--- Records supplied ---
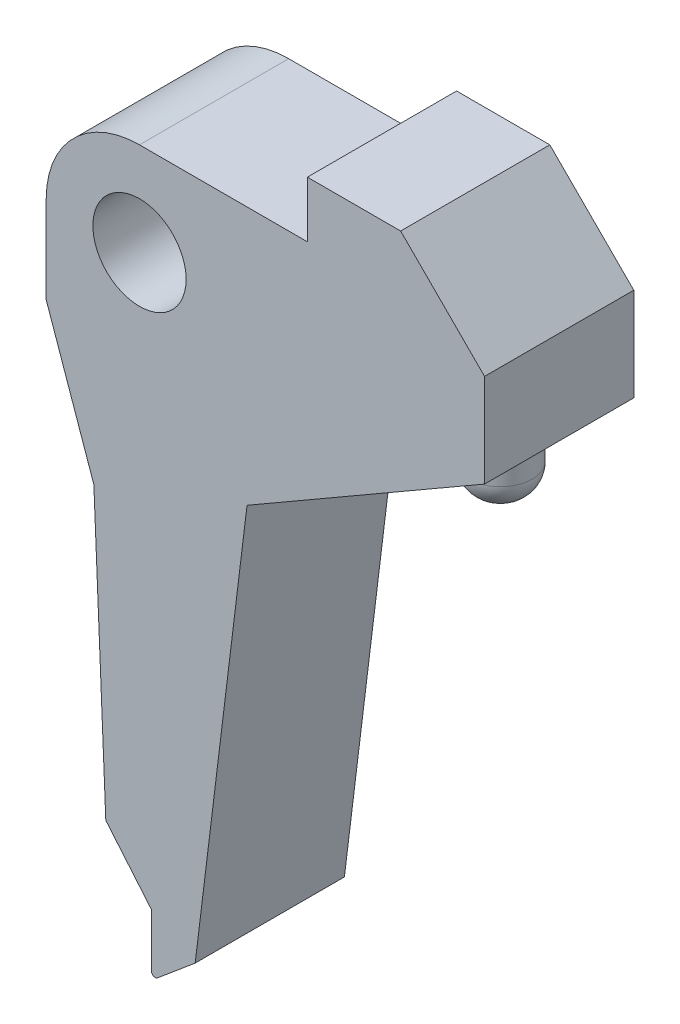
ISO-10303-21;
HEADER;
FILE_DESCRIPTION(('STEP AP214'),'2;1');
FILE_NAME('part.step','',(''),(''),'','','');
FILE_SCHEMA(('AUTOMOTIVE_DESIGN { 1 0 10303 214 1 1 1 1 }'));
ENDSEC;
DATA;
#1=APPLICATION_CONTEXT('core data for automotive mechanical design processes');
#2=APPLICATION_PROTOCOL_DEFINITION('international standard','automotive_design',2000,#1);
#3=PRODUCT_CONTEXT('',#1,'mechanical');
#4=PRODUCT('Part','Part','',(#3));
#5=PRODUCT_RELATED_PRODUCT_CATEGORY('part','',(#4));
#6=PRODUCT_DEFINITION_FORMATION('','',#4);
#7=PRODUCT_DEFINITION_CONTEXT('part definition',#1,'design');
#8=PRODUCT_DEFINITION('design','',#6,#7);
#9=PRODUCT_DEFINITION_SHAPE('','',#8);
#10=(LENGTH_UNIT() NAMED_UNIT(*) SI_UNIT(.MILLI.,.METRE.));
#11=(NAMED_UNIT(*) PLANE_ANGLE_UNIT() SI_UNIT($,.RADIAN.));
#12=(NAMED_UNIT(*) SI_UNIT($,.STERADIAN.) SOLID_ANGLE_UNIT());
#13=UNCERTAINTY_MEASURE_WITH_UNIT(LENGTH_MEASURE(1.E-05),#10,'distance_accuracy_value','');
#14=(GEOMETRIC_REPRESENTATION_CONTEXT(3) GLOBAL_UNCERTAINTY_ASSIGNED_CONTEXT((#13)) GLOBAL_UNIT_ASSIGNED_CONTEXT((#10,
#11,#12)) REPRESENTATION_CONTEXT('',''));
#15=CARTESIAN_POINT('',(0.,0.,0.));
#16=DIRECTION('',(0.,0.,1.));
#17=DIRECTION('',(1.,0.,0.));
#18=AXIS2_PLACEMENT_3D('',#15,#16,#17);
#19=CARTESIAN_POINT('',(0.839599880124929,-33.039815980547,8.));
#20=DIRECTION('',(0.,0.,-1.));
#21=DIRECTION('',(-1.,0.,0.));
#22=AXIS2_PLACEMENT_3D('',#19,#20,#21);
#23=PLANE('',#22);
#24=CARTESIAN_POINT('',(0.839599880124929,-33.039815980547,8.));
#25=DIRECTION('',(0.,0.,1.));
#26=DIRECTION('',(-1.,0.,0.));
#27=AXIS2_PLACEMENT_3D('',#24,#25,#26);
#28=CIRCLE('',#27,0.199999999999998);
#29=CARTESIAN_POINT('',(0.639599880124929,-33.039815980547,8.));
#30=VERTEX_POINT('',#29);
#31=CARTESIAN_POINT('',(0.968172025400115,-33.1930125975441,8.));
#32=VERTEX_POINT('',#31);
#33=EDGE_CURVE('E204',#30,#32,#28,.T.);
#34=ORIENTED_EDGE('',*,*,#33,.T.);
#35=DIRECTION('',(0.76598308498519,0.642860726375917,0.));
#36=VECTOR('',#35,1.);
#37=CARTESIAN_POINT('',(2.98543479971255,-31.5,8.));
#38=LINE('',#37,#36);
#39=CARTESIAN_POINT('',(2.98543479971255,-31.5,8.));
#40=VERTEX_POINT('',#39);
#41=EDGE_CURVE('E115',#32,#40,#38,.T.);
#42=ORIENTED_EDGE('',*,*,#41,.T.);
#43=DIRECTION('',(0.121869343405141,0.992546151641323,0.));
#44=VECTOR('',#43,1.);
#45=CARTESIAN_POINT('',(4.50077000284838,-19.1585851511559,8.));
#46=LINE('',#45,#44);
#47=CARTESIAN_POINT('',(5.76628220120397,-8.85181539891966,8.));
#48=VERTEX_POINT('',#47);
#49=EDGE_CURVE('E327',#40,#48,#46,.T.);
#50=ORIENTED_EDGE('',*,*,#49,.T.);
#51=DIRECTION('',(0.866025403784439,0.5,0.));
#52=VECTOR('',#51,1.);
#53=CARTESIAN_POINT('',(5.76628220120397,-8.85181539891966,8.));
#54=LINE('',#53,#52);
#55=CARTESIAN_POINT('',(18.5,-1.5,8.));
#56=VERTEX_POINT('',#55);
#57=EDGE_CURVE('E329',#48,#56,#54,.T.);
#58=ORIENTED_EDGE('',*,*,#57,.T.);
#59=DIRECTION('',(0.,1.,0.));
#60=VECTOR('',#59,1.);
#61=CARTESIAN_POINT('',(18.5,3.5,8.));
#62=LINE('',#61,#60);
#63=CARTESIAN_POINT('',(18.5,3.5,8.));
#64=VERTEX_POINT('',#63);
#65=EDGE_CURVE('E331',#56,#64,#62,.T.);
#66=ORIENTED_EDGE('',*,*,#65,.T.);
#67=DIRECTION('',(-0.707106781186551,0.707106781186544,0.));
#68=VECTOR('',#67,1.);
#69=CARTESIAN_POINT('',(14.,8.,8.));
#70=LINE('',#69,#68);
#71=CARTESIAN_POINT('',(14.,8.,8.));
#72=VERTEX_POINT('',#71);
#73=EDGE_CURVE('E337',#64,#72,#70,.T.);
#74=ORIENTED_EDGE('',*,*,#73,.T.);
#75=DIRECTION('',(-1.,0.,0.));
#76=VECTOR('',#75,1.);
#77=CARTESIAN_POINT('',(9.,8.,8.));
#78=LINE('',#77,#76);
#79=CARTESIAN_POINT('',(9.,8.,8.));
#80=VERTEX_POINT('',#79);
#81=EDGE_CURVE('E339',#72,#80,#78,.T.);
#82=ORIENTED_EDGE('',*,*,#81,.T.);
#83=DIRECTION('',(0.,-1.,0.));
#84=VECTOR('',#83,1.);
#85=CARTESIAN_POINT('',(9.,5.,8.));
#86=LINE('',#85,#84);
#87=CARTESIAN_POINT('',(9.,5.,8.));
#88=VERTEX_POINT('',#87);
#89=EDGE_CURVE('E341',#80,#88,#86,.T.);
#90=ORIENTED_EDGE('',*,*,#89,.T.);
#91=DIRECTION('',(-1.,0.,0.));
#92=VECTOR('',#91,1.);
#93=CARTESIAN_POINT('',(0.,5.,8.));
#94=LINE('',#93,#92);
#95=CARTESIAN_POINT('',(0.,5.,8.));
#96=VERTEX_POINT('',#95);
#97=EDGE_CURVE('E343',#88,#96,#94,.T.);
#98=ORIENTED_EDGE('',*,*,#97,.T.);
#99=CARTESIAN_POINT('',(0.,0.,8.));
#100=DIRECTION('',(0.,0.,1.));
#101=DIRECTION('',(1.,0.,0.));
#102=AXIS2_PLACEMENT_3D('',#99,#100,#101);
#103=CIRCLE('',#102,5.);
#104=CARTESIAN_POINT('',(-5.,0.,8.));
#105=VERTEX_POINT('',#104);
#106=EDGE_CURVE('E345',#96,#105,#103,.T.);
#107=ORIENTED_EDGE('',*,*,#106,.T.);
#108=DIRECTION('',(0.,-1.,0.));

--- Activity ---
The stretch of entries above that starts with the line containing "#49=EDGE_CURVE('E327',#40,#48,#46,.T.);" and goes on through the line containing "#60=VECTOR('',#59,1.);" is to be transcribed exactly, and no other line is to be transcribed.

--- Task response ---
#49=EDGE_CURVE('E327',#40,#48,#46,.T.);
#50=ORIENTED_EDGE('',*,*,#49,.T.);
#51=DIRECTION('',(0.866025403784439,0.5,0.));
#52=VECTOR('',#51,1.);
#53=CARTESIAN_POINT('',(5.76628220120397,-8.85181539891966,8.));
#54=LINE('',#53,#52);
#55=CARTESIAN_POINT('',(18.5,-1.5,8.));
#56=VERTEX_POINT('',#55);
#57=EDGE_CURVE('E329',#48,#56,#54,.T.);
#58=ORIENTED_EDGE('',*,*,#57,.T.);
#59=DIRECTION('',(0.,1.,0.));
#60=VECTOR('',#59,1.);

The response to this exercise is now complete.